Recorded data -
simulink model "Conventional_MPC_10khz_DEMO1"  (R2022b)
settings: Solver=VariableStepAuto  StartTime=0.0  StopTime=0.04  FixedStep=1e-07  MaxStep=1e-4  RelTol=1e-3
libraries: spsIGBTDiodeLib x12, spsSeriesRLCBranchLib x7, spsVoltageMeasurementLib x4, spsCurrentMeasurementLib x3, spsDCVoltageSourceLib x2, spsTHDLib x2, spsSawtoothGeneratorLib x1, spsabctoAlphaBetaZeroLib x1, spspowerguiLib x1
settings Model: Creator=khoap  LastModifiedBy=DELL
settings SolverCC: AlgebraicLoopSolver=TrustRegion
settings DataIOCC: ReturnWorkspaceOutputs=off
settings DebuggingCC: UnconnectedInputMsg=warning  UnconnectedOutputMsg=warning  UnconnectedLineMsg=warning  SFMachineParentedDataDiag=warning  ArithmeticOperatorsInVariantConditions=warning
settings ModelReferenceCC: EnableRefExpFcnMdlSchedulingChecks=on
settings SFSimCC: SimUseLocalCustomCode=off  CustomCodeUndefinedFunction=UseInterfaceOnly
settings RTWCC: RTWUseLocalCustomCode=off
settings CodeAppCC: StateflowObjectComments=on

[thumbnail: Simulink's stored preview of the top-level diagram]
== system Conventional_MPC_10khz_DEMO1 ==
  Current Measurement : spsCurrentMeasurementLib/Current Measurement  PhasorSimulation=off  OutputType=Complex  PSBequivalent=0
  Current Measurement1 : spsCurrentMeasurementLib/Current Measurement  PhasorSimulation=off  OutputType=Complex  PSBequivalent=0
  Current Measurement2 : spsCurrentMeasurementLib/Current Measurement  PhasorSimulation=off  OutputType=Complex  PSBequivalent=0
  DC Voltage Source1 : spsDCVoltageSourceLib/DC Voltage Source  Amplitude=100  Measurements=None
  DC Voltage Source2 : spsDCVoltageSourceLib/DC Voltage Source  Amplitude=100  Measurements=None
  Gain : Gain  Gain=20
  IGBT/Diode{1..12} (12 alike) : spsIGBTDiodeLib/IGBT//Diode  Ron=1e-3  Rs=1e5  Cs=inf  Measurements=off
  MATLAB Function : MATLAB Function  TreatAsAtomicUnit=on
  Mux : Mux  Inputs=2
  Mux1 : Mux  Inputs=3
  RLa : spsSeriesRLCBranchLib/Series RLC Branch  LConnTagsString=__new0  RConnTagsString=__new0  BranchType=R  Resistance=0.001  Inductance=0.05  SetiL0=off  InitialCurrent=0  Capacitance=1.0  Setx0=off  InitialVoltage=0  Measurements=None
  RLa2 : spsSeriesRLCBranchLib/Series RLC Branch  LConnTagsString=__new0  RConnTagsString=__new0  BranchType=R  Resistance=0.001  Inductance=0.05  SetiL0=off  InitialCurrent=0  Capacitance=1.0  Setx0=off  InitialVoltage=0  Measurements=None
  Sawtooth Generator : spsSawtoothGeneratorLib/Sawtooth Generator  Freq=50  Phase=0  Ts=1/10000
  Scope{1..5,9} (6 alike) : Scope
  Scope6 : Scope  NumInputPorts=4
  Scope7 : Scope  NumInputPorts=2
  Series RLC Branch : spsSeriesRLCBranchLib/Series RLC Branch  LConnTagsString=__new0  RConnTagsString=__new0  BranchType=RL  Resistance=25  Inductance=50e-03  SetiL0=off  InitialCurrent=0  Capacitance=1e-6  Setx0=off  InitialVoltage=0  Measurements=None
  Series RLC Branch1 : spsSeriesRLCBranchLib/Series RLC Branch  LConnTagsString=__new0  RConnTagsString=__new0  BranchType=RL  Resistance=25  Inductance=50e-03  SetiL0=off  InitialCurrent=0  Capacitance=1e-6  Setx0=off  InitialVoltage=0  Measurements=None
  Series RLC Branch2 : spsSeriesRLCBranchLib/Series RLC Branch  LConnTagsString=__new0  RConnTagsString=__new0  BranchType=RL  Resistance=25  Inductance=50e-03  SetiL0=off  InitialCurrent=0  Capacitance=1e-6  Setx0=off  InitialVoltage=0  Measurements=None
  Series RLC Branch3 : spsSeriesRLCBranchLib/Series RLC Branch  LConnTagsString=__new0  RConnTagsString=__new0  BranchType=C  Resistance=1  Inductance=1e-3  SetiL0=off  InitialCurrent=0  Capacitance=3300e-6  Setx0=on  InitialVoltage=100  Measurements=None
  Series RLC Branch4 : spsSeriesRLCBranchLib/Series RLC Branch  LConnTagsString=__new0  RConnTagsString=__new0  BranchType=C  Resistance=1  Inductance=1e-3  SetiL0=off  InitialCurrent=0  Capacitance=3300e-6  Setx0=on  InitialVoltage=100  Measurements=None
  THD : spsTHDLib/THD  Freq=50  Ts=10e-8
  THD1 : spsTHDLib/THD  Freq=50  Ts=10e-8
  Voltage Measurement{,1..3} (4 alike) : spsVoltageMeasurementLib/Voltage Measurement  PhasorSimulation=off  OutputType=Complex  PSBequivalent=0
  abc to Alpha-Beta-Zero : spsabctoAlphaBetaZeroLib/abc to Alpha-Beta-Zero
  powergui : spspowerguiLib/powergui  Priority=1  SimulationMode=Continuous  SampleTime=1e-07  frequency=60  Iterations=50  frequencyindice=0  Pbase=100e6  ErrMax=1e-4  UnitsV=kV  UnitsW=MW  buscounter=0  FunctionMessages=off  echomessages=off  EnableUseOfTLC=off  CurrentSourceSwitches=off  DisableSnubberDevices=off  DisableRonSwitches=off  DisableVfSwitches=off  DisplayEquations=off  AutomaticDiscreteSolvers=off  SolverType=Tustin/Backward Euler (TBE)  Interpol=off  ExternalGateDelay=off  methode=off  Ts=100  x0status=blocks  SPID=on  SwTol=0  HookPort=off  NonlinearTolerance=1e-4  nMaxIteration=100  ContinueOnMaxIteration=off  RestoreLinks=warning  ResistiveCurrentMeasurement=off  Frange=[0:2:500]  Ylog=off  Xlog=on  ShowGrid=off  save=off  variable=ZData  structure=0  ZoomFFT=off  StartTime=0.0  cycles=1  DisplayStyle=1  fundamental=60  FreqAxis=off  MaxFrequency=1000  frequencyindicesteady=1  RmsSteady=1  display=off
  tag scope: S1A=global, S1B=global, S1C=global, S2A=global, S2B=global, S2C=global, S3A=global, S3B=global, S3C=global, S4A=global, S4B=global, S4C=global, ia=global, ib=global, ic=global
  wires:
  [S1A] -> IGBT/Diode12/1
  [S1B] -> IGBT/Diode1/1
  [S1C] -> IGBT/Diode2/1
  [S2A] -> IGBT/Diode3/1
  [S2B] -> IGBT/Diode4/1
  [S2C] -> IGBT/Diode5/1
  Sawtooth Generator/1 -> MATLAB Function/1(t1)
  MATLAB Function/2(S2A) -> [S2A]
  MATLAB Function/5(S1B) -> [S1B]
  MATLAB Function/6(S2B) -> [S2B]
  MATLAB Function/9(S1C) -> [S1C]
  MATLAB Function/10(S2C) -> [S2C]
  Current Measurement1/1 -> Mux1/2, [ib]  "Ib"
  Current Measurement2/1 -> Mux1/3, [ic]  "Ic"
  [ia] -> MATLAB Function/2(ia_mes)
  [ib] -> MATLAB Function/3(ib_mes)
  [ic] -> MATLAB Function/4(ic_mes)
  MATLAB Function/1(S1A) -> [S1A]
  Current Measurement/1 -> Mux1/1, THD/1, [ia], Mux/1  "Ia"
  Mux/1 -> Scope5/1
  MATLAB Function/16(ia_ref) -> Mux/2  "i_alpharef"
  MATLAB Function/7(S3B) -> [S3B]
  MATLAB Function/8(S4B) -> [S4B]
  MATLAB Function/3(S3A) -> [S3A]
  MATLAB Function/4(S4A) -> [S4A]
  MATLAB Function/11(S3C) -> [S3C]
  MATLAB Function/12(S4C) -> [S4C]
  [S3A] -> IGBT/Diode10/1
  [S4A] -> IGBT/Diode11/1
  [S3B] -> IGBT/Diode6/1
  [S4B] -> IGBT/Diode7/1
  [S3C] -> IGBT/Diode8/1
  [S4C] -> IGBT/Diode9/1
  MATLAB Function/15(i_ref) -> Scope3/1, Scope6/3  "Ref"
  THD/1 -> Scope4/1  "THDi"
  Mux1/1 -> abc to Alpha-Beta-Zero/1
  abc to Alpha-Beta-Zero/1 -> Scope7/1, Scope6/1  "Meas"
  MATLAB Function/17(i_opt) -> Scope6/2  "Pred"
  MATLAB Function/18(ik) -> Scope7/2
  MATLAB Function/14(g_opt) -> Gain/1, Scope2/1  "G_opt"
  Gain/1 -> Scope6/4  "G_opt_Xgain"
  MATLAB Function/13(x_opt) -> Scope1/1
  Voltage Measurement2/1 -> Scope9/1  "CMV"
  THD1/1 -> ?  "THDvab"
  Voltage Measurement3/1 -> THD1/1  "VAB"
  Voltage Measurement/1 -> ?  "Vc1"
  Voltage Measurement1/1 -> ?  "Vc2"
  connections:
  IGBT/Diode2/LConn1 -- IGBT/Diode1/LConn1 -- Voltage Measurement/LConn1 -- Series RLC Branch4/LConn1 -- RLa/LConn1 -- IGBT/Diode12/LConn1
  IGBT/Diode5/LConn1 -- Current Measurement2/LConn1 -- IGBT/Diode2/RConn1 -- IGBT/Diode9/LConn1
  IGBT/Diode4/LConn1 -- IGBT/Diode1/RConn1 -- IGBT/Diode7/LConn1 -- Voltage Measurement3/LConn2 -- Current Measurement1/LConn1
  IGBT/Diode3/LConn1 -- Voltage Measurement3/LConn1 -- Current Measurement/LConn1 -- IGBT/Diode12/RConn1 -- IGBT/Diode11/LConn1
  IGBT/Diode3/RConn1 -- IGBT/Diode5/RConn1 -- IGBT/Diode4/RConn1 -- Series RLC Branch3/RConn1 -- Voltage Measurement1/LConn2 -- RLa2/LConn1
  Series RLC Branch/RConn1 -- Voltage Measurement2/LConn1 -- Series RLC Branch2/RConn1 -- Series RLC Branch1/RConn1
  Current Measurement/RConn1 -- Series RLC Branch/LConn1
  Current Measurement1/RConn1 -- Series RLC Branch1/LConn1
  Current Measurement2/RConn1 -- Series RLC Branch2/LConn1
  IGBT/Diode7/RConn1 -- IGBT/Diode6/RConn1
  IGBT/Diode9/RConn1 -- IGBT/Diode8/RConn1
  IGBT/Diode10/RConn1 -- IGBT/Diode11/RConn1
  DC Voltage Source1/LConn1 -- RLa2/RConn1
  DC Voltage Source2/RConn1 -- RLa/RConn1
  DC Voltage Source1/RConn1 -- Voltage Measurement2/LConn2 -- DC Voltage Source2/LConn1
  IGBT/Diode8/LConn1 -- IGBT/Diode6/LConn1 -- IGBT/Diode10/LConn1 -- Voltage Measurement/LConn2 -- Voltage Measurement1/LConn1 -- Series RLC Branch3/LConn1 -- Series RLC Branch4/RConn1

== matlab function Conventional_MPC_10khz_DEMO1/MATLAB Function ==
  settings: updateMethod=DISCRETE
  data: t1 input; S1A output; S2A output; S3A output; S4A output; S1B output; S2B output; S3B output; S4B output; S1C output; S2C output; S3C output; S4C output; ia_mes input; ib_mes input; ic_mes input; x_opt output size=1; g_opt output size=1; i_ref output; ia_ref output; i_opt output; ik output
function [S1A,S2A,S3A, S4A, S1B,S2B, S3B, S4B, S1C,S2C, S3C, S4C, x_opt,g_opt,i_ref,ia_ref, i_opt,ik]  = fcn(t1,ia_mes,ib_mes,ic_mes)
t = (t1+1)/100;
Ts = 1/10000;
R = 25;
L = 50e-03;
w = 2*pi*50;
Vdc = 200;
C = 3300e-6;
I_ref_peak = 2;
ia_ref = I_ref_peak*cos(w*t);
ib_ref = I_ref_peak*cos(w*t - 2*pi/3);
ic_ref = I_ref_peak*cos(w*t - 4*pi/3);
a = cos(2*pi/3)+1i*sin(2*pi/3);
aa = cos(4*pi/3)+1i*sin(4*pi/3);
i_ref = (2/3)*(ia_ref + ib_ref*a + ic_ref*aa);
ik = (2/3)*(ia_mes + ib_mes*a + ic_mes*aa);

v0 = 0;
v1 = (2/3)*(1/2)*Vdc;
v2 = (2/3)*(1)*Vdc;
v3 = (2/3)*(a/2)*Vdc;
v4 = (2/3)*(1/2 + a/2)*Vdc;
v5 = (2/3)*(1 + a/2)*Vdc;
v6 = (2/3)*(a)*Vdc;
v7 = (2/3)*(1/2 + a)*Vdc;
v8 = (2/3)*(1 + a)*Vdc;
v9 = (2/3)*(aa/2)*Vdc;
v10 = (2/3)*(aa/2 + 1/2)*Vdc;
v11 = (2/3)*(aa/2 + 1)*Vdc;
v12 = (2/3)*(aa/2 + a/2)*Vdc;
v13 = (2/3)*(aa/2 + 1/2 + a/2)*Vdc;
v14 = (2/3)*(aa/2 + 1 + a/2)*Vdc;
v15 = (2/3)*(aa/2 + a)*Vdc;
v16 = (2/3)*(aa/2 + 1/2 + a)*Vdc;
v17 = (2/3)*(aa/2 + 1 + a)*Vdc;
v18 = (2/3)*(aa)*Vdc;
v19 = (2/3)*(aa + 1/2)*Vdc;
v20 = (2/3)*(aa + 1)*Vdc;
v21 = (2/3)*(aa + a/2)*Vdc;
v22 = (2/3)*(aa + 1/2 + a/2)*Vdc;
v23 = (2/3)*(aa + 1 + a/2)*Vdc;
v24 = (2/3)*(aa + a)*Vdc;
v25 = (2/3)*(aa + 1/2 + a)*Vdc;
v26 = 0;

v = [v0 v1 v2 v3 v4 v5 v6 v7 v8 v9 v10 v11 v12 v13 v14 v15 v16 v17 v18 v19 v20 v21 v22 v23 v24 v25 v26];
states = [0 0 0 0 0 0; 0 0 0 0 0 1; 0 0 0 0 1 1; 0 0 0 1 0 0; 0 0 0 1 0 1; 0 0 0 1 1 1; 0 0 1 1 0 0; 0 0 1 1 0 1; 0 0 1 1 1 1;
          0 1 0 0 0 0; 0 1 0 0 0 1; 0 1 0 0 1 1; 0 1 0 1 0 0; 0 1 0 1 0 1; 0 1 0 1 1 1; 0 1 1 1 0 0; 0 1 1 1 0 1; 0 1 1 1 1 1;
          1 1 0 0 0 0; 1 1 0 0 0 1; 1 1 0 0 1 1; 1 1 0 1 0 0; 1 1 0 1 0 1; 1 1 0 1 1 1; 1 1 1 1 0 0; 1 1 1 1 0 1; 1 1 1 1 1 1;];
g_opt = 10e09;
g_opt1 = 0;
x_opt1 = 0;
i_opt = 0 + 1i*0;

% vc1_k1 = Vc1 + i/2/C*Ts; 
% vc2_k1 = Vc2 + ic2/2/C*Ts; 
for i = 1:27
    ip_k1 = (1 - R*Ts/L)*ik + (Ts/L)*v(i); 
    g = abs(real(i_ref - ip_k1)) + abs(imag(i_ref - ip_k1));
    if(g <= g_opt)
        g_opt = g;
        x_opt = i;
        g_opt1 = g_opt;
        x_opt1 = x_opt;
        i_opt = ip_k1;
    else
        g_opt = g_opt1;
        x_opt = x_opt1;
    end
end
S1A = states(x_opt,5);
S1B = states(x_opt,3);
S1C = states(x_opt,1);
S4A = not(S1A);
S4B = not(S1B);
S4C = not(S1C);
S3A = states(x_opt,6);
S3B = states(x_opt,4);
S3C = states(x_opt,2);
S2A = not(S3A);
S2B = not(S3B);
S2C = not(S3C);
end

Work request - Once you have read the records above, say how many of their lines contain the word "Complex", giving only that figure.

Answer area - 4